[RECORD SET — start]

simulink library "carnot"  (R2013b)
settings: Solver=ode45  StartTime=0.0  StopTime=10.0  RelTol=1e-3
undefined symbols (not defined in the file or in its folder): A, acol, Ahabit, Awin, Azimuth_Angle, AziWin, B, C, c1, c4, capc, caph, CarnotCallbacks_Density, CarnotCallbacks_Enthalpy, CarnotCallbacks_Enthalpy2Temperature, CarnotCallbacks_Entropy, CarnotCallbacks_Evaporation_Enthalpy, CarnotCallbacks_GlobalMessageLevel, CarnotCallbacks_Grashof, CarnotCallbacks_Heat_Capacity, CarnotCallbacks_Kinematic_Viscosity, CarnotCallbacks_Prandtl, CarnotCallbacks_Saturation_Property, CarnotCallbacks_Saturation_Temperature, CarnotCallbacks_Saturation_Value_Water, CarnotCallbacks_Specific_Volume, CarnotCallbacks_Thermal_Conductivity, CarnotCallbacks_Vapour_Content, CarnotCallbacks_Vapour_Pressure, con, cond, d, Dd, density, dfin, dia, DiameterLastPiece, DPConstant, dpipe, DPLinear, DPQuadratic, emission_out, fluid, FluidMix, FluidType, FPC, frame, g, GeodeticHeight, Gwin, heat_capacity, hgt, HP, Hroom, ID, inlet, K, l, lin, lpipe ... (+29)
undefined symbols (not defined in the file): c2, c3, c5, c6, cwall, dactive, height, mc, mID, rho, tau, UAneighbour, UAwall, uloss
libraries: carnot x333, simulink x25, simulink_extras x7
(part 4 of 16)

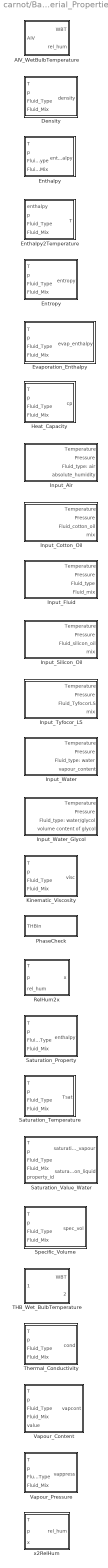
== system carnot/Basic/Material_Properties ==
  AIV_WetBulbTemperature : Subsystem  mask(AIV to wet bulb temperature and relative humidity){}
      mask help:
      | Calculate  - the relative humidity of air (rH)
      |                  - and the wet bulb temperature of air (WBT)
      | from          - dry bulb air temperature (DBT)
      |                  - and mass of water per mass of air (x)
      | in AIV vector.
      |
      | DBT        [degree centigrade]
      | p              [Pa]
      | x              kg water / kg air
      |
      | rel_hum   [percent]
      | WBT       [degree centigrade] -> T_WBT is valid for T [-6..40°C]
      mask Help: web(fullfile(path_carnot('help'),'wetbulbtemperature.html'),'-helpbrowser')
  Density : Subsystem  LoadFcn=CarnotCallbacks_Density('LoadFcn');  InitFcn=load('THB.mat');  VariantControl=CarlibClassic  mask(density){INPUTARGUMENTS=state variables (classic), DEBUGLEVEL=DEBUGLEVEL, MAXTOTALWARNINGS=inf, MAXCONSECUTIVEWARNINGS=inf, WRITETOFILE=0, FILENAME='errors.txt'}
      mask prompts: INPUTARGUMENTS "Input arguments"; DEBUGLEVEL "Debug level"; MAXTOTALWARNINGS "maximum number of total warning"; MAXCONSECUTIVEWARNINGS "maximum number of consecutive warnings"; WRITETOFILE "write messages to file"; FILENAME "filename for error messages"
      mask help:
      | Calculates the fluid density  [kg/m³]. Calls the function "density" in the CARNOT library "carlib".
      | You may use the block "GlobalMessageLevel" in the Toolbox to handle the debugging messages.
      | FluidType        Remarks
      | 1: water          fluid mix is vapourcontent in the 2-phase region
      | 2: air              fluid mix is (kg water) / (kg dry air)
      | 3: cotton oil       -
      | 4: silicone oil     -
      | 5: water-glycol   fluid mix is volume partition [0..1] of propylen glycol
      | 6: Tyfocor LS     function only available in liquid phase
      | 7: Water Constant = 998.21 kg/m³ (water at 20°C)
      | 8: Air Constant   = 1.118 kg/m³ (air at 20°C)
      mask init:
      | %Inports
      | CarnotCallbacks_Density('CreateInports');
      | 
      | %global debug level
      | [DEBUGLEVEL, MAXTOTALWARNINGS, MAXCONSECUTIVEWARNINGS, WRITETOFILE, FILENAME] = CarnotCallbacks_Density('CheckDebugLevels', DEBUGLEVEL, MAXTOTALWARNINGS, MAXCONSECUTIVEWARNINGS, WRITETOFILE, FILENAME);
      mask Help: web(fullfile(path_carnot('help'),'density.html'),'-helpbrowser')
      mask TypeOptions INPUTARGUMENTS: state variables (classic) | THB | THV
      mask Callback INPUTARGUMENTS: CarnotCallbacks_Density('MaskVisibilities');
      mask TypeOptions DEBUGLEVEL: DEBUGLEVEL | INFOLEVEL | WARNINGLEVEL | ERRORLEVEL | FATALLEVEL | NOLEVEL
  Enthalpy : Subsystem  LoadFcn=CarnotCallbacks_Enthalpy('LoadFcn');  InitFcn=load('THB.mat');  VariantControl=CarlibClassic  mask(enthalpy){INPUTARGUMENTS=state variables (classic), DEBUGLEVEL=WARNINGLEVEL, MAXTOTALMESSAGES=inf, MAXCONSECUTIVEMESSAGES=inf, WRITETOFILE=0, FILENAME='errors.txt'}
      mask prompts: INPUTARGUMENTS "Input arguments"; DEBUGLEVEL "Debug level"; MAXTOTALMESSAGES "maximum number of total warning"; MAXCONSECUTIVEMESSAGES "maximum number of consecutive warnings"; WRITETOFILE "write messages to file"; FILENAME "filename for error messages"
      mask help:
      | Calculates the fluid specific enthalpy  [J/kg].
      | Calls the CARNOT library "carlib".
      | WORKS FOR WATER AND DRY AIR! Enthalpy for other fluids is cp*T.
      | FluidType        Remarks
      | 1: water          fluid mix is vapourcontent in the 2-phase region
      | 2: air              fluid mix is (kg water) / (kg dry air)
      | 3: cotton oil       -
      | 4: silicone oil     -
      | 5: water-glycol   fluid mix is volume partition [0..1] of propylen glycol
      | 6: Tyfocor LS     function only available in liquid phase
      | 7: Water Constant = 0.0 J/kg (water at 20°C)
      | 8: Air Constant   = 0.0 J/kg (air at 20°C)
      mask init:
      | %Inports
      | CarnotCallbacks_Enthalpy('CreateInports');
      | 
      | %global debug level
      | [DEBUGLEVEL, MAXTOTALMESSAGES, MAXCONSECUTIVEMESSAGES, WRITETOFILE, FILENAME] = CarnotCallbacks_Enthalpy('CheckDebugLevels', DEBUGLEVEL, MAXTOTALMESSAGES, MAXCONSECUTIVEMESSAGES, WRITETOFILE, FILENAME);
      mask Help: web(fullfile(path_carnot('help'),'enthalpy.html'),'-helpbrowser')
      mask TypeOptions INPUTARGUMENTS: state variables (classic) | THB | THV
      mask Callback INPUTARGUMENTS: CarnotCallbacks_Enthalpy('MaskVisibilities');
      mask TypeOptions DEBUGLEVEL: DEBUGLEVEL | INFOLEVEL | WARNINGLEVEL | ERRORLEVEL | FATALLEVEL | NOLEVEL
  Enthalpy2Temperature : Subsystem  LoadFcn=CarnotCallbacks_Enthalpy2Temperature('LoadFcn');  VariantControl=CarlibClassic  mask(Enthalpy to Temperature){DEBUGLEVEL=WARNINGLEVEL, MAXTOTALMESSAGES=inf, MAXCONSECUTIVEMESSAGES=inf, WRITETOFILE=0, FILENAME='errors.txt'}
      mask prompts: DEBUGLEVEL "Debug level"; MAXTOTALMESSAGES "maximum number of total warning"; MAXCONSECUTIVEMESSAGES "maximum number of consecutive warnings"; WRITETOFILE "write messages to file"; FILENAME "filename for error messages"
      mask help:
      | Calculates the temperature  [°C] from the fluid Enthalpy [J/kg].
      | Enthalpy may be a scalar or a vector. All other inputs must be scalar.
      | FluidType        Remarks
      | 1: water          fluid mix is vapourcontent in the 2-phase region
      | 2: air              fluid mix is (kg water) / (kg dry air)
      | 3: cotton oil       -
      | 4: silicone oil     -
      | 5: water-glycol   fluid mix is volume partition [0..1] of propylen glycol
      | 6: Tyfocor LS     function only available in liquid phase
      | 7: Water Constant - function not defined
      | 8: Air Constant - function not defined
      mask init:
      | %global debug level
      | [DEBUGLEVEL, MAXTOTALMESSAGES, MAXCONSECUTIVEMESSAGES, WRITETOFILE, FILENAME] = CarnotCallbacks_Enthalpy2Temperature('CheckDebugLevels', DEBUGLEVEL, MAXTOTALMESSAGES, MAXCONSECUTIVEMESSAGES, WRITETOFILE, FILENAME);
      mask Help: web(fullfile(path_carnot('help'),'enthalpy2temperature.html'),'-helpbrowser')
      mask TypeOptions DEBUGLEVEL: DEBUGLEVEL | INFOLEVEL | WARNINGLEVEL | ERRORLEVEL | FATALLEVEL | NOLEVEL
      mask DialogControl ParameterTabVar0 Prompt: Debugging
  Entropy : Subsystem  LoadFcn=CarnotCallbacks_Entropy('LoadFcn');  InitFcn=load('THB.mat');  VariantControl=CarlibClassic  mask(entropy){INPUTARGUMENTS=state variables (classic), DEBUGLEVEL=WARNINGLEVEL, MAXTOTALMESSAGES=inf, MAXCONSECUTIVEMESSAGES=inf, WRITETOFILE=0, FILENAME='errors.txt'}
      mask prompts: INPUTARGUMENTS "Input arguments"; DEBUGLEVEL "Debug level"; MAXTOTALMESSAGES "maximum number of total warning"; MAXCONSECUTIVEMESSAGES "maximum number of consecutive warnings"; WRITETOFILE "write messages to file"; FILENAME "filename for error messages"
      mask help:
      | The block calculates the entropy  [J/kgK] of the fluid.
      | The block calls the function "entropy" in the CARNOT library "carlib".
      | FluidType        Remarks
      | 1: water          fluid mix is vapourcontent in the 2-phase region
      | 2: air              fluid mix is (kg water) / (kg dry air)
      | 3: cotton oil       -
      | 4: silicone oil     -
      | 5: water-glycol   fluid mix is volume partition [0..1] of propylen glycol
      | 6: Tyfocor LS     function only available in liquid phase
      | 7: Water Constant = 0.0 J/K/kg
      | 8: Air Constant   = 0.0 J/K/kg
      mask init:
      | %Inports
      | CarnotCallbacks_Entropy('CreateInports');
      | 
      | %global debug level
      | [DEBUGLEVEL, MAXTOTALMESSAGES, MAXCONSECUTIVEMESSAGES, WRITETOFILE, FILENAME] = CarnotCallbacks_Entropy('CheckDebugLevels', DEBUGLEVEL, MAXTOTALMESSAGES, MAXCONSECUTIVEMESSAGES, WRITETOFILE, FILENAME);
      mask Help: web(fullfile(path_carnot('help'),'entropy.html'),'-helpbrowser')
      mask TypeOptions INPUTARGUMENTS: state variables (classic) | THB | THV
      mask Callback INPUTARGUMENTS: CarnotCallbacks_Entropy('MaskVisibilities');
      mask TypeOptions DEBUGLEVEL: DEBUGLEVEL | INFOLEVEL | WARNINGLEVEL | ERRORLEVEL | FATALLEVEL | NOLEVEL
  Evaporation_Enthalpy : Subsystem  LoadFcn=CarnotCallbacks_Evaporation_Enthalpy('LoadFcn');  InitFcn=load('THB.mat');  VariantControl=CarlibClassic  mask(entropy){INPUTARGUMENTS=state variables (classic), DEBUGLEVEL=WARNINGLEVEL, MAXTOTALMESSAGES=inf, MAXCONSECUTIVEMESSAGES=inf, WRITETOFILE=0, FILENAME='errors.txt'}
      mask prompts: INPUTARGUMENTS "Input arguments"; DEBUGLEVEL "Debug level"; MAXTOTALMESSAGES "maximum number of total warning"; MAXCONSECUTIVEMESSAGES "maximum number of consecutive warnings"; WRITETOFILE "write messages to file"; FILENAME "filename for error messages"
      mask help:
      | The block calculates the evaporation enthalpy [J/kgK] of water.
      | The block uses the material properties functions in carlib.
      | FluidType  material           remarks on fluid mix
      | 1           water              vapourcontent in the 2-phase region
      | all others: function not defined
      mask init:
      | %Inports
      | CarnotCallbacks_Evaporation_Enthalpy('CreateInports');
      | 
      | %global debug level
      | [DEBUGLEVEL, MAXTOTALMESSAGES, MAXCONSECUTIVEMESSAGES, WRITETOFILE, FILENAME] = CarnotCallbacks_Evaporation_Enthalpy('CheckDebugLevels', DEBUGLEVEL, MAXTOTALMESSAGES, MAXCONSECUTIVEMESSAGES, WRITETOFILE, FILENAME);
      mask Help: web(fullfile(path_carnot('help'),'evaporation_enthalpy.html'),'-helpbrowser')
      mask TypeOptions INPUTARGUMENTS: state variables (classic) | THB | THV
      mask Callback INPUTARGUMENTS: CarnotCallbacks_Evaporation_Enthalpy('MaskVisibilities');
      mask TypeOptions DEBUGLEVEL: DEBUGLEVEL | INFOLEVEL | WARNINGLEVEL | ERRORLEVEL | FATALLEVEL | NOLEVEL
  Heat_Capacity : Subsystem  LoadFcn=CarnotCallbacks_Heat_Capacity('LoadFcn');  InitFcn=load('THB.mat');  VariantControl=CarlibClassic  mask(heat capacity){INPUTARGUMENTS=state variables (classic), DEBUGLEVEL=DEBUGLEVEL, MAXTOTALWARNINGS=inf, MAXCONSECUTIVEWARNINGS=inf, WRITETOFILE=0, FILENAME='errors.txt'}
      mask prompts: INPUTARGUMENTS "Input arguments"; DEBUGLEVEL "Debug level"; MAXTOTALWARNINGS "maximum number of total warning"; MAXCONSECUTIVEWARNINGS "maximum number of consecutive warnings"; WRITETOFILE "write messages to file"; FILENAME "filename for error messages"
      mask help:
      | Calculates the  heat_capacity of fluids [J/(kg*K)]. Calls calls the function "heat_capacity" in the CARNOT library "carlib".
      | You may use the block "GlobalMessageLevel" in the Toolbox to handle the debugging messages.
      | FluidType        Remarks
      | 1: water          fluid mix is vapourcontent in the 2-phase region
      | 2: air              fluid mix is (kg water) / (kg dry air)
      | 3: cotton oil       -
      | 4: silicone oil     -
      | 5: water-glycol   fluid mix is volume partition [0..1] of propylen glycol
      | 6: Tyfocor LS     function only available in liquid phase
      | 7: Water Constant = 4181.0 J/kg/K (water at 20°C)
      | 8: Air Constant   = 1007.0 J/kg/K (air at 20°C)
      mask init:
      | %Inports
      | CarnotCallbacks_Heat_Capacity('CreateInports');
      | 
      | %global debug level
      | [DEBUGLEVEL, MAXTOTALWARNINGS, MAXCONSECUTIVEWARNINGS, WRITETOFILE, FILENAME] = CarnotCallbacks_Heat_Capacity('CheckDebugLevels', DEBUGLEVEL, MAXTOTALWARNINGS, MAXCONSECUTIVEWARNINGS, WRITETOFILE, FILENAME);
      mask Help: web(fullfile(path_carnot('help'),'heat_capacity.html'),'-helpbrowser')
      mask TypeOptions INPUTARGUMENTS: state variables (classic) | THB | THV
      mask Callback INPUTARGUMENTS: CarnotCallbacks_Heat_Capacity('MaskVisibilities');
      mask TypeOptions DEBUGLEVEL: DEBUGLEVEL | INFOLEVEL | WARNINGLEVEL | ERRORLEVEL | FATALLEVEL | NOLEVEL
  Input_Air : Subsystem  mask(Input_Air){T=20, p=1e5, x=0.005}
      mask prompts: T "temperature (scalar or vector) [°C]"; p "pressure [Pa]"; x "absolute humidity of moist air [kg water/kg dry air]"
      mask help:
      | Input block for the material "Air"
      |
      | The relevant inputs for the calculation of the block can be specified as parameter in the mask
      mask Help: web(fullfile(path_carnot('help'),'input_material.html'),'-helpbrowser')
  Input_Cotton_Oil : Subsystem  mask(Input_Cotton_Oil){T=20, p=1e5}
      mask prompts: T "temperature (scalar or vector) [°C]"; p "pressure [Pa]"
      mask help: Input block for the material "Cotton Oil". The relevant inputs for the calculation of the block can be specified as parameter in the mask
      mask Help: web(fullfile(path_carnot('help'),'input_material.html'),'-helpbrowser')
  Input_Fluid : Subsystem  mask(Input_Fluid){fluid=Water, T=[10:10:50], p=1e5, x=0.005}
      mask prompts: fluid "Fluid type"; T "temperature (scalar or vector) [°C]"; p "pressure [Pa]"; x "Fluid Mix"
      mask help:
      | FLUID            FLUID MIX
      | water          vapourcontent in the 2-phase region
      | air               (kg water) / (kg dry air)
      | cotton oil       -
      | silicone oil     -
      | water-glycol   volume partition [0..1] of propylen glycol
      mask Help: web(fullfile(path_carnot('help'),'input_material.html'),'-helpbrowser')
      mask TypeOptions fluid: Water | Air | Cotton Oil | Silicone Oil | Water-Glycol Mix | Tyfocor LS | Water (Constant 20°C) | Air (dry+ constant 20°C)
  Input_Silicon_Oil : Subsystem  mask(Input_Silicon_Oil){T=20, p=1e5}
      mask prompts: T "temperature (scalar or vector) [°C]"; p "pressure [Pa]"
      mask help: Input block for the material "Silicon_Oil". The relevant inputs for the calculation of the block can be specified as parameter in the mask
      mask Help: web(fullfile(path_carnot('help'),'input_material.html'),'-helpbrowser')
  Input_Tyfocor_LS : Subsystem  mask(Input_Tyfocor_LS){T=20, p=1e5}
      mask prompts: T "temperature (scalar or vector) [°C]"; p "pressure [Pa]"
      mask help:
      | Input block for the material "Tyfocor_LS". The relevant inputs for the calculation of the block can be specified as parameter in the mask.
      | Tyfocor is a registered trademark of Tyforop Chemie, Hamburg (Germany).
      mask Help: web(fullfile(path_carnot('help'),'input_material.html'),'-helpbrowser')
  Input_Water : Subsystem  mask(Input_Water){T=20, p=2e6, xd=0}
      mask prompts: T "temperature (scalar or vector) [°C]"; p "pressure [Pa]"; xd "vapour content of the water [0..1]"
      mask help:
      | Input block for the material "Water"
      |
      | The relevant inputs for the calculation of the block can be specified as parameter in the mask
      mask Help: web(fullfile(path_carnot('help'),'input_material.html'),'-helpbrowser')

[RECORD SET — finish]

*THE PROBLEM:*
Copy out each line of the material that holds the word "centigrade".

*RESPONSE AREA:*
      | DBT        [degree centigrade]
      | WBT       [degree centigrade] -> T_WBT is valid for T [-6..40°C]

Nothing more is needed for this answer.